# Telemann



## HaydnBearstheClock (Jul 6, 2013)

Any fans of this man's music right here? 









Favourite recordings?

So far, I own the following:






















I still need to get around to buying the Tafelmusik und the Wassermusik/Alster Overture.
Recently ordered this one:








Any other highly recommended recordings?

What do you think of Telemann's style? I really like his humour, his great sense for orchestration, the rhythmic qualities of his work and his melodies.


----------



## musicphotogAnimal (Jul 24, 2012)

OK...I'm not music historian nor theorist. OK...I flunked Music history with an F...with repeated attempts by my music history teacher to wake me up proving unsuccessful. All I can say is that "I like Telemann's works..." Especially his trumpet and oboe pieces.


----------



## neoshredder (Nov 7, 2011)

These are the ones I got. Pretty good.


----------



## Nereffid (Feb 6, 2013)

A recent Telemann thread here: http://www.talkclassical.com/24903-telemann.html with plenty of suggestions for further exploration.
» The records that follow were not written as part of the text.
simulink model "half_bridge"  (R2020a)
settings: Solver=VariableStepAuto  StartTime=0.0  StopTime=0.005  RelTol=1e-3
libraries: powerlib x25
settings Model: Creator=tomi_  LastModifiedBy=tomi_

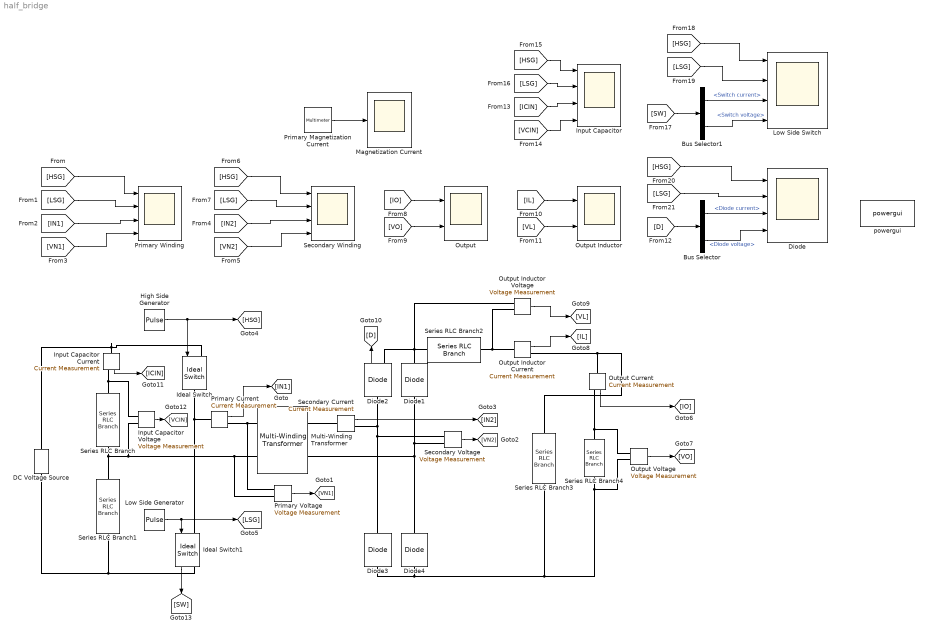
== system half_bridge ==
  Bus Selector : BusSelector  OutputSignals=Diode current,Diode voltage
  Bus Selector1 : BusSelector  OutputSignals=Switch current,Switch voltage
  DC Voltage Source : powerlib/Electrical Sources/DC Voltage Source  Amplitude=13.8  Measurements=None
  Diode : Scope  NumInputPorts=4
  Diode1 : powerlib/Power Electronics/Diode  Ron=0.0001  Lon=0  Vf=1  IC=0  UseSnubber=0  Rs=10e6  Cs=0  Measurements=off
  Diode2 : powerlib/Power Electronics/Diode  Ron=0.0001  Lon=0  Vf=1  IC=0  UseSnubber=0  Rs=10e6  Cs=0  Measurements=on
  Diode3 : powerlib/Power Electronics/Diode  Ron=0.0001  Lon=0  Vf=1  IC=0  UseSnubber=0  Rs=10e6  Cs=0  Measurements=off
  Diode4 : powerlib/Power Electronics/Diode  Ron=0.0001  Lon=0  Vf=1  IC=0  UseSnubber=0  Rs=10e6  Cs=0  Measurements=off
  High Side Generator : DiscretePulseGenerator  PulseType=Time based  Period=20e-6  PulseWidth=26.08
  Ideal Switch : powerlib/Power Electronics/Ideal Switch  Ron=0.0139  Lon=0  IC=0  Rs=10e6  Cs=inf  Measurements=off
  Ideal Switch1 : powerlib/Power Electronics/Ideal Switch  Ron=0.0139  Lon=0  IC=0  Rs=10e6  Cs=inf  Measurements=on
  Input Capacitor : Scope  NumInputPorts=4
  Input Capacitor Current : powerlib/Measurements/Current Measurement  PhasorSimulation=off  OutputType=Complex  PSBequivalent=0
  Input Capacitor Voltage : powerlib/Measurements/Voltage Measurement  PhasorSimulation=off  OutputType=Complex  PSBequivalent=0
  Low Side Generator : DiscretePulseGenerator  PulseType=Time based  Period=20e-6  PulseWidth=26.08  PhaseDelay=10e-6
  Low Side Switch : Scope  NumInputPorts=4
  Magnetization Current : Scope
  Multi-Winding Transformer : powerlib/Elements/Multi-Winding Transformer  LeftWindings=1  RightWindings=1  TappedWindings=no taps  NumberOfTaps=2  SetSaturation=off  Hysteresis=off  DataFile='hysteresis.mat'  Measurements=Flux and magnetization current ( Imag )  UNITS=SI  NominalPower=[ 75 100e3 ]  NominalVoltages=[ 6.9 604.9 ]  WindingResistances=[ 0 0 ]  WindingInductances=[0 0]  Rm=Inf  Lm=4.68e-5  Saturation=[0 0;0.27174 0.0010067;113.22 0.0012752]  BreakLoop=off  DiscreteSolver=Trapezoidal iterative  DataType=on  InitialFlux=0  TransfoNumber=1
      settings: SourceProductBaseCode=PS
  Output : Scope  NumInputPorts=2
  Output Current : powerlib/Measurements/Current Measurement  PhasorSimulation=off  OutputType=Complex  PSBequivalent=0
  Output Inductor : Scope  NumInputPorts=2
  Output Inductor Current : powerlib/Measurements/Current Measurement  PhasorSimulation=off  OutputType=Complex  PSBequivalent=0
  Output Inductor Voltage : powerlib/Measurements/Voltage Measurement  PhasorSimulation=off  OutputType=Complex  PSBequivalent=0
  Output Voltage : powerlib/Measurements/Voltage Measurement  PhasorSimulation=off  OutputType=Complex  PSBequivalent=0
  Primary Current : powerlib/Measurements/Current Measurement  PhasorSimulation=off  OutputType=Complex  PSBequivalent=0
  Primary Magnetization Current : powerlib/Measurements/Multimeter  PhasorSimulation=off  OutputType=Complex  sel=2  L=3  Gain=1  yselected={'Imag: Multi-Winding Transformer'};  PSBOutputType=1  PSBequivalent=0  AxesSetting=[0,0.1,-100,100]  Display=0  SavedBlockNames=-11
  Primary Voltage : powerlib/Measurements/Voltage Measurement  PhasorSimulation=off  OutputType=Complex  PSBequivalent=0
  Primary Winding : Scope  NumInputPorts=4
  Secondary Current : powerlib/Measurements/Current Measurement  PhasorSimulation=off  OutputType=Complex  PSBequivalent=0
  Secondary Voltage : powerlib/Measurements/Voltage Measurement  PhasorSimulation=off  OutputType=Complex  PSBequivalent=0
  Secondary Winding : Scope  NumInputPorts=4
  Series RLC Branch : powerlib/Elements/Series RLC Branch  LConnTagsString=__new0  RConnTagsString=__new0  BranchType=RC  Resistance=10e-3  Inductance=1e-3  SetiL0=off  InitialCurrent=0  Capacitance=680e-6  Setx0=off  InitialVoltage=0  Measurements=None
  Series RLC Branch1 : powerlib/Elements/Series RLC Branch  LConnTagsString=__new0  RConnTagsString=__new0  BranchType=RC  Resistance=10e-3  Inductance=1e-3  SetiL0=off  InitialCurrent=0  Capacitance=680e-6  Setx0=off  InitialVoltage=0  Measurements=None
  Series RLC Branch2 : powerlib/Elements/Series RLC Branch  LConnTagsString=__new0  RConnTagsString=__new0  BranchType=L  Resistance=1  Inductance=6.4e-3  SetiL0=off  InitialCurrent=0  Capacitance=1e-6  Setx0=off  InitialVoltage=0  Measurements=None
  Series RLC Branch3 : powerlib/Elements/Series RLC Branch  LConnTagsString=__new0  RConnTagsString=__new0  BranchType=RC  Resistance=100e-3  Inductance=1e-3  SetiL0=off  InitialCurrent=0  Capacitance=220e-9  Setx0=off  InitialVoltage=0  Measurements=None
  Series RLC Branch4 : powerlib/Elements/Series RLC Branch  LConnTagsString=__new0  RConnTagsString=__new0  BranchType=R  Resistance=1666  Inductance=1e-3  SetiL0=off  InitialCurrent=0  Capacitance=1e-6  Setx0=off  InitialVoltage=0  Measurements=None
  powergui : powerlib/powergui  Priority=1  SimulationMode=Continuous  SampleTime=100e-9  frequency=60  Iterations=50  frequencyindice=0  Pbase=100e6  ErrMax=1e-4  UnitsV=kV  UnitsW=MW  buscounter=0  FunctionMessages=off  echomessages=off  EnableUseOfTLC=off  CurrentSourceSwitches=off  DisableSnubberDevices=off  DisableRonSwitches=off  DisableVfSwitches=off  DisplayEquations=off  AutomaticDiscreteSolvers=off  SolverType=Tustin/Backward Euler (TBE)  Interpol=off  ExternalGateDelay=off  methode=off  Ts=100  x0status=blocks  SPID=on  SwTol=0  HookPort=off  NonlinearTolerance=1e-4  nMaxIteration=100  ContinueOnMaxIteration=off  RestoreLinks=warning  ResistiveCurrentMeasurement=off  Frange=[0:2:500]  Ylog=off  Xlog=on  ShowGrid=off  save=off  variable=ZData  structure=0  ZoomFFT=off  StartTime=0.0  cycles=1  DisplayStyle=1  fundamental=60  FreqAxis=off  MaxFrequency=1000  frequencyindicesteady=1  RmsSteady=1  display=off
  wires:
  High Side Generator/1 -> [HSG], Ideal Switch/1
  Low Side Generator/1 -> [LSG], Ideal Switch1/1
  Output Voltage/1 -> [VO]
  Secondary Voltage/1 -> [VN2]
  Primary Current/1 -> [IN1]
  Primary Voltage/1 -> [VN1]
  Secondary Current/1 -> [IN2]
  [HSG] -> Primary Winding/1
  [LSG] -> Primary Winding/2
  [IN1] -> Primary Winding/3
  [VN1] -> Primary Winding/4
  [LSG] -> Secondary Winding/2
  [VN2] -> Secondary Winding/4
  [IN2] -> Secondary Winding/3
  [HSG] -> Secondary Winding/1
  Output Current/1 -> [IO]
  [IO] -> Output/1
  [VO] -> Output/2
  Output Inductor Current/1 -> [IL]
  Output Inductor Voltage/1 -> [VL]
  [VL] -> Output Inductor/2
  [IL] -> Output Inductor/1
  Diode2/1 -> [D]
  [D] -> Bus Selector/1
  Bus Selector/1 -> Diode/3  "<Diode current>"
  Bus Selector/2 -> Diode/4  "<Diode voltage>"
  Input Capacitor Current/1 -> [ICIN]
  Input Capacitor Voltage/1 -> [VCIN]
  [LSG] -> Input Capacitor/2
  [ICIN] -> Input Capacitor/3
  [VCIN] -> Input Capacitor/4
  [HSG] -> Input Capacitor/1
  Ideal Switch1/1 -> [SW]
  Bus Selector1/2 -> Low Side Switch/4  "<Switch voltage>"
  Bus Selector1/1 -> Low Side Switch/3  "<Switch current>"
  [SW] -> Bus Selector1/1
  [LSG] -> Low Side Switch/2
  [HSG] -> Low Side Switch/1
  Primary Magnetization Current/1 -> Magnetization Current/1
  [LSG] -> Diode/2
  [HSG] -> Diode/1
  connections:
  Series RLC Branch/RConn1 -- Input Capacitor Voltage/LConn2 -- Multi-Winding Transformer/LConn2 -- Primary Voltage/LConn2 -- Series RLC Branch1/LConn1
  DC Voltage Source/RConn1 -- Ideal Switch/LConn1 -- Input Capacitor Current/LConn1
  Series RLC Branch1/RConn1 -- Ideal Switch1/RConn1 -- DC Voltage Source/LConn1
  Primary Current/LConn1 -- Ideal Switch1/LConn1 -- Ideal Switch/RConn1
  Secondary Voltage/LConn1 -- Diode3/RConn1 -- Diode2/LConn1 -- Secondary Current/RConn1
  Diode1/LConn1 -- Secondary Voltage/LConn2 -- Diode4/RConn1 -- Multi-Winding Transformer/RConn2
  Series RLC Branch2/LConn1 -- Diode1/RConn1 -- Diode2/RConn1 -- Output Inductor Voltage/LConn1
  Series RLC Branch3/LConn1 -- Output Inductor Current/RConn1 -- Output Current/LConn1
  Series RLC Branch3/RConn1 -- Output Voltage/LConn2 -- Series RLC Branch4/RConn1 -- Diode3/LConn1 -- Diode4/LConn1
  Primary Voltage/LConn1 -- Primary Current/RConn1 -- Multi-Winding Transformer/LConn1
  Secondary Current/LConn1 -- Multi-Winding Transformer/RConn1
  Series RLC Branch4/LConn1 -- Output Current/RConn1 -- Output Voltage/LConn1
  Output Inductor Current/LConn1 -- Output Inductor Voltage/LConn2 -- Series RLC Branch2/RConn1
  Series RLC Branch/LConn1 -- Input Capacitor Current/RConn1 -- Input Capacitor Voltage/LConn1

According to my music library I own about 30 hours of Telemann's music, but really I'm just scratching the surface. If only he'd written as little as Bach!


----------



## HaydnBearstheClock (Jul 6, 2013)

Thanks Nereffid, hehe, well good music costs a little, we must accept this .


----------



## Art Rock (Nov 28, 2009)

I have a dozen or so of his concerto CD's issued on CPO. Good background music, not something I would turn to when I am in a real listening mood. But that holds for most baroque music for me (the one exception being JS Bach).


----------



## chrisco97 (May 22, 2013)

I have not heard many of his works, but what I have heard, I was fond of. Reminded me of Vivaldi's music for whatever reason...


----------



## brianvds (May 1, 2013)

Nereffid said:


> According to my music library I own about 30 hours of Telemann's music, but really I'm just scratching the surface. If only he'd written as little as Bach!


I seem to remember reading that he wrote more music than Bach and Händel combined, and was one of the most prolific composers in history. Surprisingly, much of it very listenable too!


----------



## Forte (Jul 26, 2013)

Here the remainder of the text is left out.